Segment Start: Task input

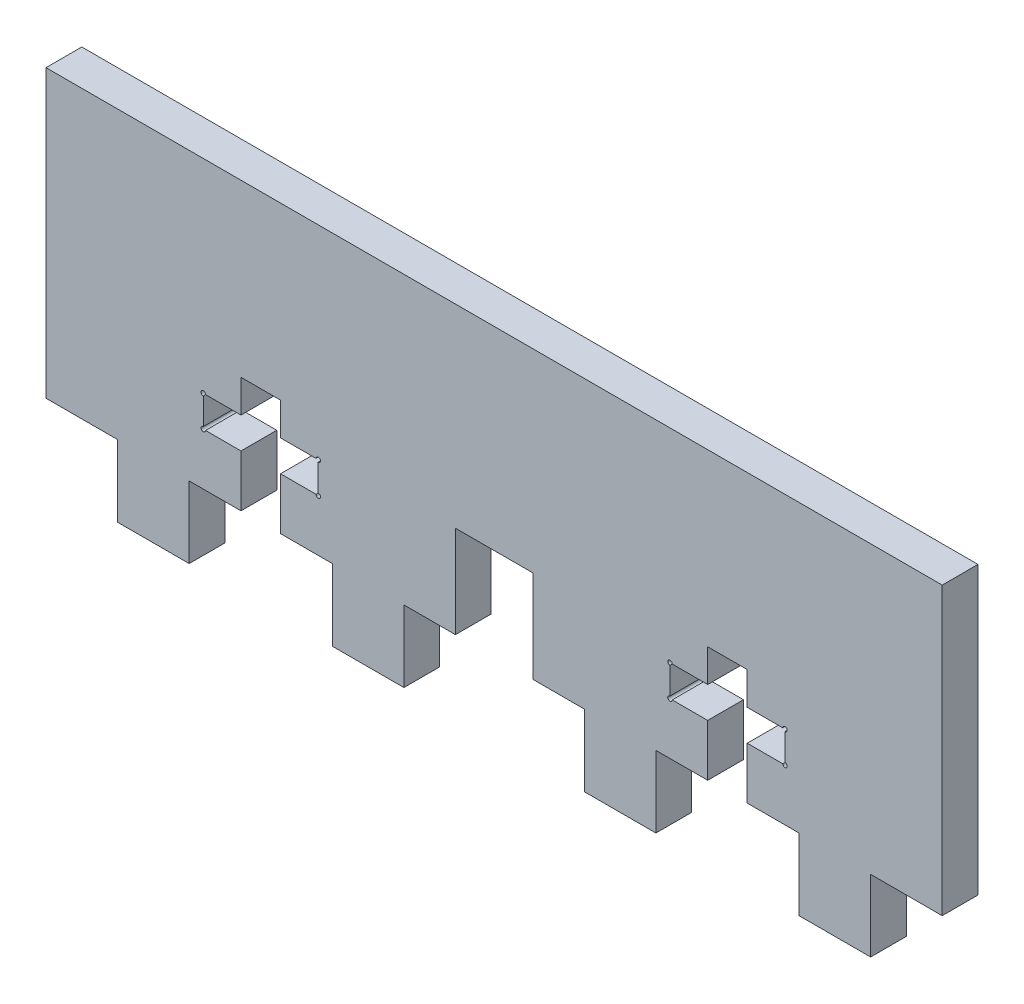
from build123d import *

# Parameters (mm, degrees)
SKETCH1_W           = 79.502
SKETCH1_H           = 25.4
BOSS_EXTRUDE1_DEPTH = 3.175
SKETCH2_W           = 6.35
SKETCH2_H           = 6.35
BOSS_EXTRUDE2_DEPTH = 3.175
SKETCH3_W           = 6.858
SKETCH3_H           = 8.1788
CUT_EXTRUDE1_DEPTH  = 9.017
SKETCH4_R           = 0.19812
CUT_EXTRUDE2_DEPTH  = 6.604
SCALE1_SCALE        = 0.5


with BuildPart() as part:
    # Sketch1 → Boss-Extrude1 (new body)
    with BuildSketch(Plane.XY):
        with Locations((-8.776255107, 4.35571396)):
            Rectangle(SKETCH1_W, SKETCH1_H)
    extrude(amount=BOSS_EXTRUDE1_DEPTH)

    # Sketch2 → Boss-Extrude2 (add)
    with BuildSketch(Plane.XY):
        with Locations((-39.002255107, -11.51928604)):
            Rectangle(SKETCH2_W, SKETCH2_H)
        with Locations((-19.952255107, -11.51928604)):
            Rectangle(SKETCH2_W, SKETCH2_H)
        with Locations((2.399744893, -11.51928604)):
            Rectangle(SKETCH2_W, SKETCH2_H)
        with Locations((21.449744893, -11.51928604)):
            Rectangle(SKETCH2_W, SKETCH2_H)
    extrude(amount=BOSS_EXTRUDE2_DEPTH)

    # Sketch3 → Cut-Extrude1 (cut)
    with BuildSketch(Plane.XY):
        Polygon((10.172144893, -8.34428604), (10.172144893, -3.74180604), (6.825160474, -3.74180604), (6.825160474, -0.98590604), (10.172144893, -0.98590604), (10.172144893, 1.91477396), (13.677344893, 1.91477396), (13.677344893, -0.98590604), (17.024329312, -0.98590604), (17.024329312, -3.74180604), (13.677344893, -3.74180604), (13.677344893, -8.34428604), align=None)
        Polygon((-31.229855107, -8.34428604), (-31.229855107, -3.74180604), (-34.576839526, -3.74180604), (-34.576839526, -0.98590604), (-31.229855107, -0.98590604), (-31.229855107, 1.91477396), (-27.724655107, 1.91477396), (-27.724655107, -0.98590604), (-24.377670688, -0.98590604), (-24.377670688, -3.74180604), (-27.724655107, -3.74180604), (-27.724655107, -8.34428604), align=None)
        with Locations((-8.776255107, -4.25488604)):
            Rectangle(SKETCH3_W, SKETCH3_H)
    extrude(amount=CUT_EXTRUDE1_DEPTH, mode=Mode.SUBTRACT)

    # Sketch4 → Cut-Extrude2 (cut)
    with BuildSketch(Plane.XY):
        with Locations((-34.576839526, -0.98590604)):
            Circle(SKETCH4_R)
        with Locations((-34.576839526, -3.74180604)):
            Circle(SKETCH4_R)
        with Locations((-24.377670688, -0.98590604)):
            Circle(SKETCH4_R)
        with Locations((-24.377670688, -3.74180604)):
            Circle(SKETCH4_R)
        with Locations((6.825160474, -0.98590604)):
            Circle(SKETCH4_R)
        with Locations((6.825160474, -3.74180604)):
            Circle(SKETCH4_R)
        with Locations((17.024329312, -0.98590604)):
            Circle(SKETCH4_R)
        with Locations((17.024329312, -3.74180604)):
            Circle(SKETCH4_R)
    extrude(amount=CUT_EXTRUDE2_DEPTH, mode=Mode.SUBTRACT)


with BuildPart() as part_1:
    # Scale1: scaled about (-8.776255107, 3.720405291, 1.5875)
    add(part.part.scale(SCALE1_SCALE).moved(Location((-4.388127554, 1.860202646, 0.79375))))


solid = part_1.part

Segment End: Task input

Activity: The word "amount" may appear in several lines of the data; copy every line where it does.

Exercise output:
    extrude(amount=BOSS_EXTRUDE1_DEPTH)
    extrude(amount=BOSS_EXTRUDE2_DEPTH)
    extrude(amount=CUT_EXTRUDE1_DEPTH, mode=Mode.SUBTRACT)
    extrude(amount=CUT_EXTRUDE2_DEPTH, mode=Mode.SUBTRACT)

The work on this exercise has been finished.